Take the lines from the beginning of the data below through the line holding "file): Coeffs, pfb_coeff_gen_calc" and return exactly those.
┄┄┄┄┄┄
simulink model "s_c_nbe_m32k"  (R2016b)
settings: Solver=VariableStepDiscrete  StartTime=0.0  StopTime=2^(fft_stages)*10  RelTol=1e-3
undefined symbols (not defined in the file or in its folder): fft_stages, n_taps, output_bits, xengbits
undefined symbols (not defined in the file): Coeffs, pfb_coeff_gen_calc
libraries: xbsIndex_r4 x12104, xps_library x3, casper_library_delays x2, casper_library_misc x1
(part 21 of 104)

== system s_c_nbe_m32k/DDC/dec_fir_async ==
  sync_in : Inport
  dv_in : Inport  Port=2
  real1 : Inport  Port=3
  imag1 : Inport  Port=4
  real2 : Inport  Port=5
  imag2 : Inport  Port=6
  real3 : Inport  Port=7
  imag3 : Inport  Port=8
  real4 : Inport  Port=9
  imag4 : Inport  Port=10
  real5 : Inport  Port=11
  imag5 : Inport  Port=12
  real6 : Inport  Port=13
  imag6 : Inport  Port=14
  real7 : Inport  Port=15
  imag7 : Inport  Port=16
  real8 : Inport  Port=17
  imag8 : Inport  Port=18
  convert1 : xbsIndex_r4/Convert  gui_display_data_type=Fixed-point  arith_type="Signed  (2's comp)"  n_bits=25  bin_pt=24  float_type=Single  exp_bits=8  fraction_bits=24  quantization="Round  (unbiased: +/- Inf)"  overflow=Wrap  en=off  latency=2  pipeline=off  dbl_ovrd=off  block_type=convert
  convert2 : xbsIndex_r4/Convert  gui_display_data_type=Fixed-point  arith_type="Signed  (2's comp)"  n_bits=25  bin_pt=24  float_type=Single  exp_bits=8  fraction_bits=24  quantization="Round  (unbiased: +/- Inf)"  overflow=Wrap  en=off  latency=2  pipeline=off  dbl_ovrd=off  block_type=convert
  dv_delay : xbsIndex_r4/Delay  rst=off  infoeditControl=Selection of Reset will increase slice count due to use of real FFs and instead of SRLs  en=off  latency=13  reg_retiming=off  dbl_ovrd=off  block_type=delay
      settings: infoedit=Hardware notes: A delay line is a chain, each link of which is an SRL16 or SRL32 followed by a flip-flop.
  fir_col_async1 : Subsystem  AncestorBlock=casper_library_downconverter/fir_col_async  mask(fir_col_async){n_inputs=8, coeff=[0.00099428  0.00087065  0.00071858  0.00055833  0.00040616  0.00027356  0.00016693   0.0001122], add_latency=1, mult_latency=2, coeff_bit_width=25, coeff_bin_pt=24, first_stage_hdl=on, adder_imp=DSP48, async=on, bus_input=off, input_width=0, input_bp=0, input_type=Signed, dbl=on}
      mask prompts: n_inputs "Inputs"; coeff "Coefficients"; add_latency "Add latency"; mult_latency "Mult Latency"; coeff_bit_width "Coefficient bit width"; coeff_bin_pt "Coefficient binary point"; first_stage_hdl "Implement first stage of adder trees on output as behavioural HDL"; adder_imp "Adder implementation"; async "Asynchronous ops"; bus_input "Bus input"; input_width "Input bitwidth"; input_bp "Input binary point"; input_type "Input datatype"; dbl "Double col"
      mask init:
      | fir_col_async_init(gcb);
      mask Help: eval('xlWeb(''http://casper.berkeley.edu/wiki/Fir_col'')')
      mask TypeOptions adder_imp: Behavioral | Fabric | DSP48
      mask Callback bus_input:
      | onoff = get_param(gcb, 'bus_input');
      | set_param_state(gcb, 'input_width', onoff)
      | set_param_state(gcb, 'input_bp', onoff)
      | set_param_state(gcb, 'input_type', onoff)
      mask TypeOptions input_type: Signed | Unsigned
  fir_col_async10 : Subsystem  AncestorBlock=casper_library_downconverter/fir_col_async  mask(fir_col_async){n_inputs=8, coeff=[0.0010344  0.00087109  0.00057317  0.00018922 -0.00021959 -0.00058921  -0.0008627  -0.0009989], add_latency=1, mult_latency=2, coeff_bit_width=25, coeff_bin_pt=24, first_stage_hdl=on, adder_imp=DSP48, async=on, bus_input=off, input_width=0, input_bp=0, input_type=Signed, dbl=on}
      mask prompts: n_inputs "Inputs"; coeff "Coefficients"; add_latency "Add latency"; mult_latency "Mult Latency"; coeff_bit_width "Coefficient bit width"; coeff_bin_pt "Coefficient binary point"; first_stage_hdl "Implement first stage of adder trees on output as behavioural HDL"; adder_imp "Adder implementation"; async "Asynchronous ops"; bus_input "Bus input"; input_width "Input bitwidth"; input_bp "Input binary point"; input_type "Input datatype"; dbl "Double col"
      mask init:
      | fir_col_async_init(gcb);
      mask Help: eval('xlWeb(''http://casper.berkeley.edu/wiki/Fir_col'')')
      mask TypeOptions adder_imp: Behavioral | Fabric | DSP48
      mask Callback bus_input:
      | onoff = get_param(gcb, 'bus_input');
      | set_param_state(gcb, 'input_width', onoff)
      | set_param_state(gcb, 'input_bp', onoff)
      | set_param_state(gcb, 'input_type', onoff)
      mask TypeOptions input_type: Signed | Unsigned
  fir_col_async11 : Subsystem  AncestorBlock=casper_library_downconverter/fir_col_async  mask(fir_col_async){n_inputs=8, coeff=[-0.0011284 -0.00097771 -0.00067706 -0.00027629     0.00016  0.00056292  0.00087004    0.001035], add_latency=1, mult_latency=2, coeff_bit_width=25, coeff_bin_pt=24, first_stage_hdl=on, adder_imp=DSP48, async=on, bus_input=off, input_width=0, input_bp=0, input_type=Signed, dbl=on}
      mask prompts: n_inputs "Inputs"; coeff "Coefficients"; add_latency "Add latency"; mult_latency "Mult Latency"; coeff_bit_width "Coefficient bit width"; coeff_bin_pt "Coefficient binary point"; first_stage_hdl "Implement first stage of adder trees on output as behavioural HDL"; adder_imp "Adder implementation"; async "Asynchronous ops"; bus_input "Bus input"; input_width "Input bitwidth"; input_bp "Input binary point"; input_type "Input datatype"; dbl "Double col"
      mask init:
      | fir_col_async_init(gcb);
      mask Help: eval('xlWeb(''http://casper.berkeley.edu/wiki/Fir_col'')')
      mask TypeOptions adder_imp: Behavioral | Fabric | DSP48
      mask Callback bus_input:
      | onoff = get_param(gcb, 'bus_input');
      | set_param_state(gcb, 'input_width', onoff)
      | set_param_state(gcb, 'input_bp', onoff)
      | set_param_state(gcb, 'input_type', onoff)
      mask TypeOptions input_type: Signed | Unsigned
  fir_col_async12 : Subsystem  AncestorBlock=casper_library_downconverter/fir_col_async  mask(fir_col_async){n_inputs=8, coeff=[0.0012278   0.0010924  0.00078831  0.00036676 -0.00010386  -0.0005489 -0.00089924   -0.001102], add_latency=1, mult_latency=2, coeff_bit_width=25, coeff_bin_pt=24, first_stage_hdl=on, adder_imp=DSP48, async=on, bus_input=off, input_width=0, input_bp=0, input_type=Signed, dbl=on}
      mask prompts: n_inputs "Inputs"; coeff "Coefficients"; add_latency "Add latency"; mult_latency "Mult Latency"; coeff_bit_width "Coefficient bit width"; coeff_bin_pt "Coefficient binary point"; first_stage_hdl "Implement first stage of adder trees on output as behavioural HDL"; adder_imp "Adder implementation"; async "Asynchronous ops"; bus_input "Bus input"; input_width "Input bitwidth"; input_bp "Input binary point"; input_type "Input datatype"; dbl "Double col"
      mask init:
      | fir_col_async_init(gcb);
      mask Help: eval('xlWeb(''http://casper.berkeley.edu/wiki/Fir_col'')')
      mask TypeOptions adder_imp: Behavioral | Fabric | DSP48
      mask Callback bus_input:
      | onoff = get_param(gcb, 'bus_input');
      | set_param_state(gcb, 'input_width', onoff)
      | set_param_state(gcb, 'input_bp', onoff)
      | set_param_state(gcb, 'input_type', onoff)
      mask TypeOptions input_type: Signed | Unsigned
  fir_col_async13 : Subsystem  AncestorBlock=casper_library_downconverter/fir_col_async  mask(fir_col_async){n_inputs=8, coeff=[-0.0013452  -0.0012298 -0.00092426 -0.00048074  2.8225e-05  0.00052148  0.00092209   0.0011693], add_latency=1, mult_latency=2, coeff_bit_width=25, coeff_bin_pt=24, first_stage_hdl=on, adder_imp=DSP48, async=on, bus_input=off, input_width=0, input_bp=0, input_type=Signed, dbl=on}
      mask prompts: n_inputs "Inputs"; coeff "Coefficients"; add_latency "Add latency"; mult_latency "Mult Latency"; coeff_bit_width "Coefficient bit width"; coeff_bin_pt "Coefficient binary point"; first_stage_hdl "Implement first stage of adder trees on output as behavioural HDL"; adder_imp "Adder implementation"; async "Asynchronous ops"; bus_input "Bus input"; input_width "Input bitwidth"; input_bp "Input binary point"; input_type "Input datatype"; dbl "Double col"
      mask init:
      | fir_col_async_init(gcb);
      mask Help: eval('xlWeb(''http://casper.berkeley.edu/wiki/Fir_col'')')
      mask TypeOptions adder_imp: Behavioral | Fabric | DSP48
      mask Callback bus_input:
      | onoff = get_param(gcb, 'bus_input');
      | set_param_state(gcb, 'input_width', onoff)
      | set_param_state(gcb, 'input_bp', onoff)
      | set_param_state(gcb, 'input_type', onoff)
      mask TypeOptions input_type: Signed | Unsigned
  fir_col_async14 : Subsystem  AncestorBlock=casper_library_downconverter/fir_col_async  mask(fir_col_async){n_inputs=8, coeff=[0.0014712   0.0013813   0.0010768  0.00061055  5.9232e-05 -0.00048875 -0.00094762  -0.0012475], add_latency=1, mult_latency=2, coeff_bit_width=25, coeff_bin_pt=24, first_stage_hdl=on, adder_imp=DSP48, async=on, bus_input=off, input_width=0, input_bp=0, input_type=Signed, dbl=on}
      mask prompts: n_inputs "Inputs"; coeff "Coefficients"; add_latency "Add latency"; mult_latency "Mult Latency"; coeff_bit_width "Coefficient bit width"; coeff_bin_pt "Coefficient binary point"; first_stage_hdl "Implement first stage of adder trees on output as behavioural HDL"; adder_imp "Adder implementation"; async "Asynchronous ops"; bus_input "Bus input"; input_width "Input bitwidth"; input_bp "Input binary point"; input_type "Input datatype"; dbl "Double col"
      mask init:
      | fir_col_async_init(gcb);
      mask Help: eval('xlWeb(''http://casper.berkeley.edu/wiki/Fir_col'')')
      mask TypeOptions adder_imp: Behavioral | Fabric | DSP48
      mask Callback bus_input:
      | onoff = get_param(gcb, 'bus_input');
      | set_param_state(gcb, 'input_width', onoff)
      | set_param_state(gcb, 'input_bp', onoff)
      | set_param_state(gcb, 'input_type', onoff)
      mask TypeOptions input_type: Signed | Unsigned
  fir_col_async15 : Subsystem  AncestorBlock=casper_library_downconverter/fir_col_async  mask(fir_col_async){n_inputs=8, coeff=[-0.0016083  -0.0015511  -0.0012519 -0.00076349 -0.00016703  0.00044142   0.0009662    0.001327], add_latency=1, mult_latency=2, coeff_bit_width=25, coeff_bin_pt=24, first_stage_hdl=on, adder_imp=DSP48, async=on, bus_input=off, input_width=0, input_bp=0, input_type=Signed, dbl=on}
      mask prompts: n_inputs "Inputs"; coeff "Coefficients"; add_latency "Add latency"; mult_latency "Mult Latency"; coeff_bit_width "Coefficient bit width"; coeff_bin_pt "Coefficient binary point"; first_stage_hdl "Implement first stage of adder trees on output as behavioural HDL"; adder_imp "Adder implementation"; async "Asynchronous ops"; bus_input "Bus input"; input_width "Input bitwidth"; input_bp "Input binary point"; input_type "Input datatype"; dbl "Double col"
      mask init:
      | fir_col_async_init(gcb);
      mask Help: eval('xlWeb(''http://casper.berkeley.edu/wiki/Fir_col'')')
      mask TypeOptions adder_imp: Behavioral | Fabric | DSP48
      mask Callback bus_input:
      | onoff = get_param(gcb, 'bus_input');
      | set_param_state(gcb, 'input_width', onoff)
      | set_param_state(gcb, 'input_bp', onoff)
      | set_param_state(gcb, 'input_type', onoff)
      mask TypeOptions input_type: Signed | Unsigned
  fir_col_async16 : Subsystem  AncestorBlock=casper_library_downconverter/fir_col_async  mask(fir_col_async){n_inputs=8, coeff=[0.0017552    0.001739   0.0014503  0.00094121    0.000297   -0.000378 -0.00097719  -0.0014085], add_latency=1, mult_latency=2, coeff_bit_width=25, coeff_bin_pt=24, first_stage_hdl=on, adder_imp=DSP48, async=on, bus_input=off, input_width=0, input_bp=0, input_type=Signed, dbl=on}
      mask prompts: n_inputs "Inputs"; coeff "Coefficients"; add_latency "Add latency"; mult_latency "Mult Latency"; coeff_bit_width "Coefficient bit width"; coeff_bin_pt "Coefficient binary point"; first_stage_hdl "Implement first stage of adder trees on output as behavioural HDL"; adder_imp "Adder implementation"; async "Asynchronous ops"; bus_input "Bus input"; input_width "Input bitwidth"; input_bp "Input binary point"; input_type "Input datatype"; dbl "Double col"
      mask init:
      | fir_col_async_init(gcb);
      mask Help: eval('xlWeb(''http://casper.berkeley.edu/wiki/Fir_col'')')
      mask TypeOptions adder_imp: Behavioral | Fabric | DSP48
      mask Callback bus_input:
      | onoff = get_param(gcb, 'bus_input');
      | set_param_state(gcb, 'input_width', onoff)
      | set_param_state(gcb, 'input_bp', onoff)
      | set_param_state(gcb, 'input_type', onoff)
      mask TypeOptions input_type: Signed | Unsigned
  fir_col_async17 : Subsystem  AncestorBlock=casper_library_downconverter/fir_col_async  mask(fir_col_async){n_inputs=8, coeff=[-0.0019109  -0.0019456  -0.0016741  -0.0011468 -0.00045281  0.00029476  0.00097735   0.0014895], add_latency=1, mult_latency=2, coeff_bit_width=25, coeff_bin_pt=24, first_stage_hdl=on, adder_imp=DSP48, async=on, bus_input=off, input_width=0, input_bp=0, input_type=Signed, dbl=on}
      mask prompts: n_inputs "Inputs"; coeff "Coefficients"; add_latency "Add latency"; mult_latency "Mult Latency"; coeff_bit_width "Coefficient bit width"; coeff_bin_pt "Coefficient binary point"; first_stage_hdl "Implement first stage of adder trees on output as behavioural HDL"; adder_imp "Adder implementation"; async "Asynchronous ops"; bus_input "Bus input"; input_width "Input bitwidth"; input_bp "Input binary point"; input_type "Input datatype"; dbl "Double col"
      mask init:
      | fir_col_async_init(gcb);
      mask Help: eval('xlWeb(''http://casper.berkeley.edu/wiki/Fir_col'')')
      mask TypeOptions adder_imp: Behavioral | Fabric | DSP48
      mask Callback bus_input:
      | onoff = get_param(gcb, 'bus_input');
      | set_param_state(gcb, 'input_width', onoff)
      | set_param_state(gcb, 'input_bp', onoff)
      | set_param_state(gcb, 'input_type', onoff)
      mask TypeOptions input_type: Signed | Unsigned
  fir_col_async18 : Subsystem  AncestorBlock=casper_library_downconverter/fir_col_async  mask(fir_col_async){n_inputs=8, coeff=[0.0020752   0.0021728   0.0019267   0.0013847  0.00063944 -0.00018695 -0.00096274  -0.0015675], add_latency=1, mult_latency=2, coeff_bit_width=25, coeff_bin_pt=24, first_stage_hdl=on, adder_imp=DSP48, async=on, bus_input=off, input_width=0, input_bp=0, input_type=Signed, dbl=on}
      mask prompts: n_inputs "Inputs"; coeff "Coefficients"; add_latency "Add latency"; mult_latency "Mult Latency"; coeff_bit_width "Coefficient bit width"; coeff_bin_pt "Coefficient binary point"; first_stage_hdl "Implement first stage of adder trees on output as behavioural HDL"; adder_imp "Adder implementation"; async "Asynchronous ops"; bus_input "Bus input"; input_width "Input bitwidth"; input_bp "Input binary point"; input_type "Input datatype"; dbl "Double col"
┄┄┄┄┄┄
**Answer box**
simulink model "s_c_nbe_m32k"  (R2016b)
settings: Solver=VariableStepDiscrete  StartTime=0.0  StopTime=2^(fft_stages)*10  RelTol=1e-3
undefined symbols (not defined in the file or in its folder): fft_stages, n_taps, output_bits, xengbits
undefined symbols (not defined in the file): Coeffs, pfb_coeff_gen_calc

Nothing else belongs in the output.